July 30, 2011
Potatoes are a staple in the American diet. We love hash browns or home-style fried potatoes with breakfast; french fries with burgers; baked potatoes topped with butter, sour cream, vegetables or chili and cheese; potato skins with the same toppings; stewed potatoes and mashed potatoes with gravy. No wonder the potato is so popular with so many ways to prepare them.
Potatoes are rich in carbohydrates, a good source of vitamin C, B6 and provides 2 grams of fiber. One 4-3/4″ x 2-1/3″ diameter potato with skin contains 1080 mg potassium. That’s over half the daily goal for a potassium restricted diet.
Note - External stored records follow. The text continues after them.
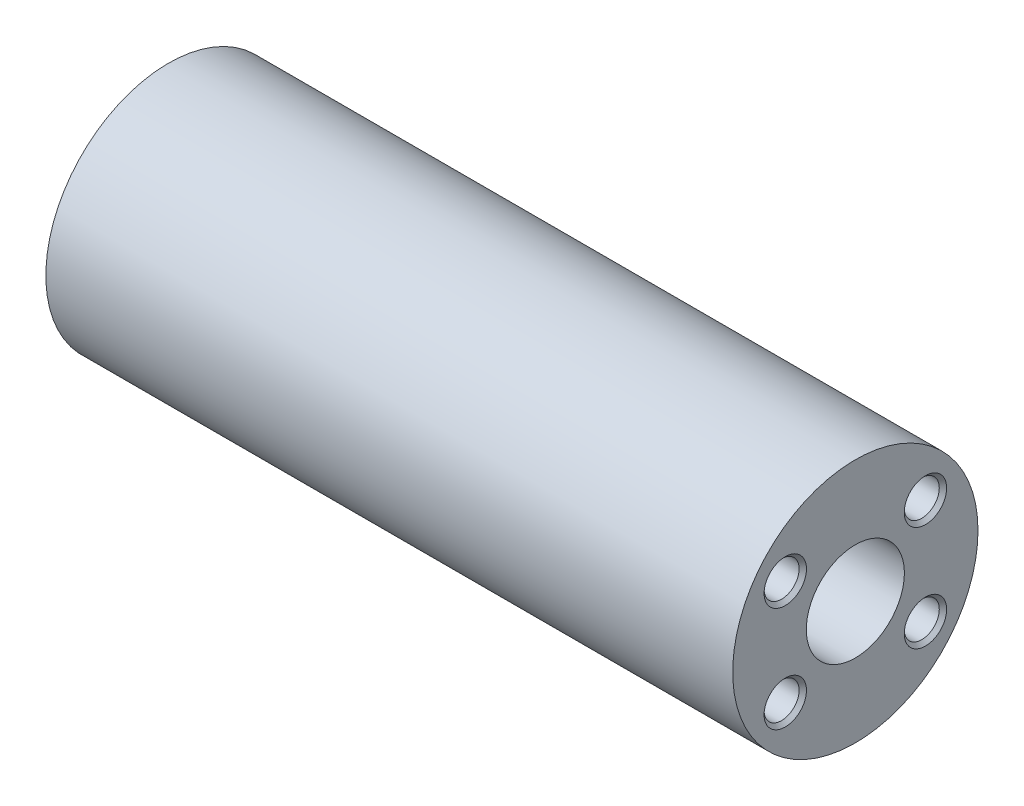
ISO-10303-21;
HEADER;
FILE_DESCRIPTION(('STEP AP214'),'2;1');
FILE_NAME('part.step','',(''),(''),'','','');
FILE_SCHEMA(('AUTOMOTIVE_DESIGN { 1 0 10303 214 1 1 1 1 }'));
ENDSEC;
DATA;
#1=APPLICATION_CONTEXT('core data for automotive mechanical design processes');
#2=APPLICATION_PROTOCOL_DEFINITION('international standard','automotive_design',2000,#1);
#3=PRODUCT_CONTEXT('',#1,'mechanical');
#4=PRODUCT('Part','Part','',(#3));
#5=PRODUCT_RELATED_PRODUCT_CATEGORY('part','',(#4));
#6=PRODUCT_DEFINITION_FORMATION('','',#4);
#7=PRODUCT_DEFINITION_CONTEXT('part definition',#1,'design');
#8=PRODUCT_DEFINITION('design','',#6,#7);
#9=PRODUCT_DEFINITION_SHAPE('','',#8);
#10=(LENGTH_UNIT() NAMED_UNIT(*) SI_UNIT(.MILLI.,.METRE.));
#11=(NAMED_UNIT(*) PLANE_ANGLE_UNIT() SI_UNIT($,.RADIAN.));
#12=(NAMED_UNIT(*) SI_UNIT($,.STERADIAN.) SOLID_ANGLE_UNIT());
#13=UNCERTAINTY_MEASURE_WITH_UNIT(LENGTH_MEASURE(1.E-05),#10,'distance_accuracy_value','');
#14=(GEOMETRIC_REPRESENTATION_CONTEXT(3) GLOBAL_UNCERTAINTY_ASSIGNED_CONTEXT((#13)) GLOBAL_UNIT_ASSIGNED_CONTEXT((#10,
#11,#12)) REPRESENTATION_CONTEXT('',''));
#15=CARTESIAN_POINT('',(0.,0.,0.));
#16=DIRECTION('',(0.,0.,1.));
#17=DIRECTION('',(1.,0.,0.));
#18=AXIS2_PLACEMENT_3D('',#15,#16,#17);
#19=CARTESIAN_POINT('',(49.,0.,0.));
#20=DIRECTION('',(-1.,0.,0.));
#21=DIRECTION('',(0.,0.,1.));
#22=AXIS2_PLACEMENT_3D('',#19,#20,#21);
#23=CYLINDRICAL_SURFACE('',#22,17.5);
#24=CARTESIAN_POINT('',(49.,0.,0.));
#25=DIRECTION('',(1.,0.,0.));
#26=DIRECTION('',(0.,0.,-1.));
#27=AXIS2_PLACEMENT_3D('',#24,#25,#26);
#28=CIRCLE('',#27,17.5);
#29=CARTESIAN_POINT('',(49.,0.,-17.5));
#30=VERTEX_POINT('',#29);
#31=EDGE_CURVE('E11',#30,#30,#28,.T.);
#32=ORIENTED_EDGE('',*,*,#31,.F.);
#33=EDGE_LOOP('',(#32));
#34=FACE_BOUND('',#33,.T.);
#35=CARTESIAN_POINT('',(-49.,0.,0.));
#36=DIRECTION('',(1.,0.,0.));
#37=DIRECTION('',(0.,0.,-1.));
#38=AXIS2_PLACEMENT_3D('',#35,#36,#37);
#39=CIRCLE('',#38,17.5);
#40=CARTESIAN_POINT('',(-49.,0.,-17.5));
#41=VERTEX_POINT('',#40);
#42=EDGE_CURVE('E56',#41,#41,#39,.T.);
#43=ORIENTED_EDGE('',*,*,#42,.T.);
#44=EDGE_LOOP('',(#43));
#45=FACE_BOUND('',#44,.T.);
#46=ADVANCED_FACE('F53',(#34,#45),#23,.T.);
#47=CARTESIAN_POINT('',(49.,0.,0.));
#48=DIRECTION('',(1.,0.,0.));
#49=DIRECTION('',(0.,0.,-1.));
#50=AXIS2_PLACEMENT_3D('',#47,#48,#49);
#51=PLANE('',#50);
#52=CARTESIAN_POINT('',(49.,7.5,-10.));
#53=DIRECTION('',(1.,0.,0.));
#54=DIRECTION('',(0.,0.,-1.));
#55=AXIS2_PLACEMENT_3D('',#52,#53,#54);
#56=CIRCLE('',#55,3.025);
#57=CARTESIAN_POINT('',(49.,7.5,-13.025));
#58=VERTEX_POINT('',#57);
#59=EDGE_CURVE('E129',#58,#58,#56,.T.);
#60=ORIENTED_EDGE('',*,*,#59,.F.);
#61=EDGE_LOOP('',(#60));
#62=FACE_BOUND('',#61,.T.);
#63=CARTESIAN_POINT('',(49.,-7.5,10.));
#64=DIRECTION('',(1.,0.,0.));
#65=DIRECTION('',(0.,0.,-1.));
#66=AXIS2_PLACEMENT_3D('',#63,#64,#65);
#67=CIRCLE('',#66,3.025);
#68=CARTESIAN_POINT('',(49.,-7.5,6.975));
#69=VERTEX_POINT('',#68);
#70=EDGE_CURVE('E138',#69,#69,#67,.T.);
#71=ORIENTED_EDGE('',*,*,#70,.F.);
#72=EDGE_LOOP('',(#71));
#73=FACE_BOUND('',#72,.T.);
#74=CARTESIAN_POINT('',(49.,7.5,10.));
#75=DIRECTION('',(1.,0.,0.));
#76=DIRECTION('',(0.,0.,-1.));
#77=AXIS2_PLACEMENT_3D('',#74,#75,#76);
#78=CIRCLE('',#77,3.025);
#79=CARTESIAN_POINT('',(49.,7.5,6.975));
#80=VERTEX_POINT('',#79);
#81=EDGE_CURVE('E147',#80,#80,#78,.T.);
#82=ORIENTED_EDGE('',*,*,#81,.F.);
#83=EDGE_LOOP('',(#82));
#84=FACE_BOUND('',#83,.T.);
#85=CARTESIAN_POINT('',(49.,-7.5,-10.));
#86=DIRECTION('',(1.,0.,0.));
#87=DIRECTION('',(0.,0.,-1.));
#88=AXIS2_PLACEMENT_3D('',#85,#86,#87);
#89=CIRCLE('',#88,3.025);
#90=CARTESIAN_POINT('',(49.,-7.5,-13.025));
#91=VERTEX_POINT('',#90);
#92=EDGE_CURVE('E156',#91,#91,#89,.T.);
#93=ORIENTED_EDGE('',*,*,#92,.F.);
#94=EDGE_LOOP('',(#93));
#95=FACE_BOUND('',#94,.T.);
#96=CARTESIAN_POINT('',(49.,0.,0.));
#97=DIRECTION('',(1.,0.,0.));
#98=DIRECTION('',(0.,0.,-1.));
#99=AXIS2_PLACEMENT_3D('',#96,#97,#98);
#100=CIRCLE('',#99,7.);
#101=CARTESIAN_POINT('',(49.,0.,-7.));
#102=VERTEX_POINT('',#101);
#103=EDGE_CURVE('E165',#102,#102,#100,.T.);
#104=ORIENTED_EDGE('',*,*,#103,.F.);
#105=EDGE_LOOP('',(#104));
#106=FACE_BOUND('',#105,.T.);
#107=ORIENTED_EDGE('',*,*,#31,.T.);
#108=EDGE_LOOP('',(#107));
#109=FACE_BOUND('',#108,.T.);
#110=ADVANCED_FACE('F179',(#62,#73,#84,#95,#106,#109),#51,.T.);
#111=CARTESIAN_POINT('',(-49.,0.,0.));
#112=DIRECTION('',(1.,0.,0.));
#113=DIRECTION('',(0.,0.,-1.));
#114=AXIS2_PLACEMENT_3D('',#111,#112,#113);
#115=PLANE('',#114);
#116=CARTESIAN_POINT('',(-49.,7.5,-10.));
#117=DIRECTION('',(-1.,0.,0.));
#118=DIRECTION('',(0.,0.,1.));
#119=AXIS2_PLACEMENT_3D('',#116,#117,#118);
#120=CIRCLE('',#119,3.025);
#121=CARTESIAN_POINT('',(-49.,7.5,-6.975));
#122=VERTEX_POINT('',#121);
#123=EDGE_CURVE('E102',#122,#122,#120,.T.);
#124=ORIENTED_EDGE('',*,*,#123,.F.);
#125=EDGE_LOOP('',(#124));
#126=FACE_BOUND('',#125,.T.);
#127=CARTESIAN_POINT('',(-49.,-7.5,10.));
#128=DIRECTION('',(-1.,0.,0.));
#129=DIRECTION('',(0.,0.,1.));
#130=AXIS2_PLACEMENT_3D('',#127,#128,#129);
#131=CIRCLE('',#130,3.025);
#132=CARTESIAN_POINT('',(-49.,-7.5,13.025));
#133=VERTEX_POINT('',#132);
#134=EDGE_CURVE('E95',#133,#133,#131,.T.);
#135=ORIENTED_EDGE('',*,*,#134,.F.);
#136=EDGE_LOOP('',(#135));
#137=FACE_BOUND('',#136,.T.);
#138=CARTESIAN_POINT('',(-49.,7.5,10.));
#139=DIRECTION('',(-1.,0.,0.));
#140=DIRECTION('',(0.,0.,1.));
#141=AXIS2_PLACEMENT_3D('',#138,#139,#140);
#142=CIRCLE('',#141,3.025);
#143=CARTESIAN_POINT('',(-49.,7.5,13.025));
#144=VERTEX_POINT('',#143);
#145=EDGE_CURVE('E111',#144,#144,#142,.T.);
#146=ORIENTED_EDGE('',*,*,#145,.F.);
#147=EDGE_LOOP('',(#146));
#148=FACE_BOUND('',#147,.T.);
#149=CARTESIAN_POINT('',(-49.,-7.5,-10.));
#150=DIRECTION('',(-1.,0.,0.));
#151=DIRECTION('',(0.,0.,1.));
#152=AXIS2_PLACEMENT_3D('',#149,#150,#151);
#153=CIRCLE('',#152,3.025);
#154=CARTESIAN_POINT('',(-49.,-7.5,-6.975));
#155=VERTEX_POINT('',#154);
#156=EDGE_CURVE('E120',#155,#155,#153,.T.);
#157=ORIENTED_EDGE('',*,*,#156,.F.);
#158=EDGE_LOOP('',(#157));
#159=FACE_BOUND('',#158,.T.);
#160=ORIENTED_EDGE('',*,*,#42,.F.);
#161=EDGE_LOOP('',(#160));
#162=FACE_BOUND('',#161,.T.);
#163=ADVANCED_FACE('F176',(#126,#137,#148,#159,#162),#115,.F.);
#164=CARTESIAN_POINT('',(-19.7989898732233,0.,0.));
#165=DIRECTION('',(1.,0.,0.));
#166=DIRECTION('',(0.,0.,-1.));
#167=AXIS2_PLACEMENT_3D('',#164,#165,#166);
#168=CYLINDRICAL_SURFACE('',#167,7.);
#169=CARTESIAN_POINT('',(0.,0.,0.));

People withe chronic kidney disease or on dialysis who require a low potassium diet can still eat potatoes by using a technique to reduce potassium. Although potassium is not totally removed, it is lowered enough to safely include a small portion and keep your diet kidney-friendly.
Double-cook technique for reducing potassium in potatoes
Use this newer technique to remove potassium in 30 minutes or less.
- Peel potatoes and cut into thin slices, diced small or shred for hash browns.
- Place potato pieces in a pot of water and bring to a boil.
- Drain water then add fresh water.
- Bring water to a boil and cook potatoes until tender.
- Drain water and prepare potatoes as desired.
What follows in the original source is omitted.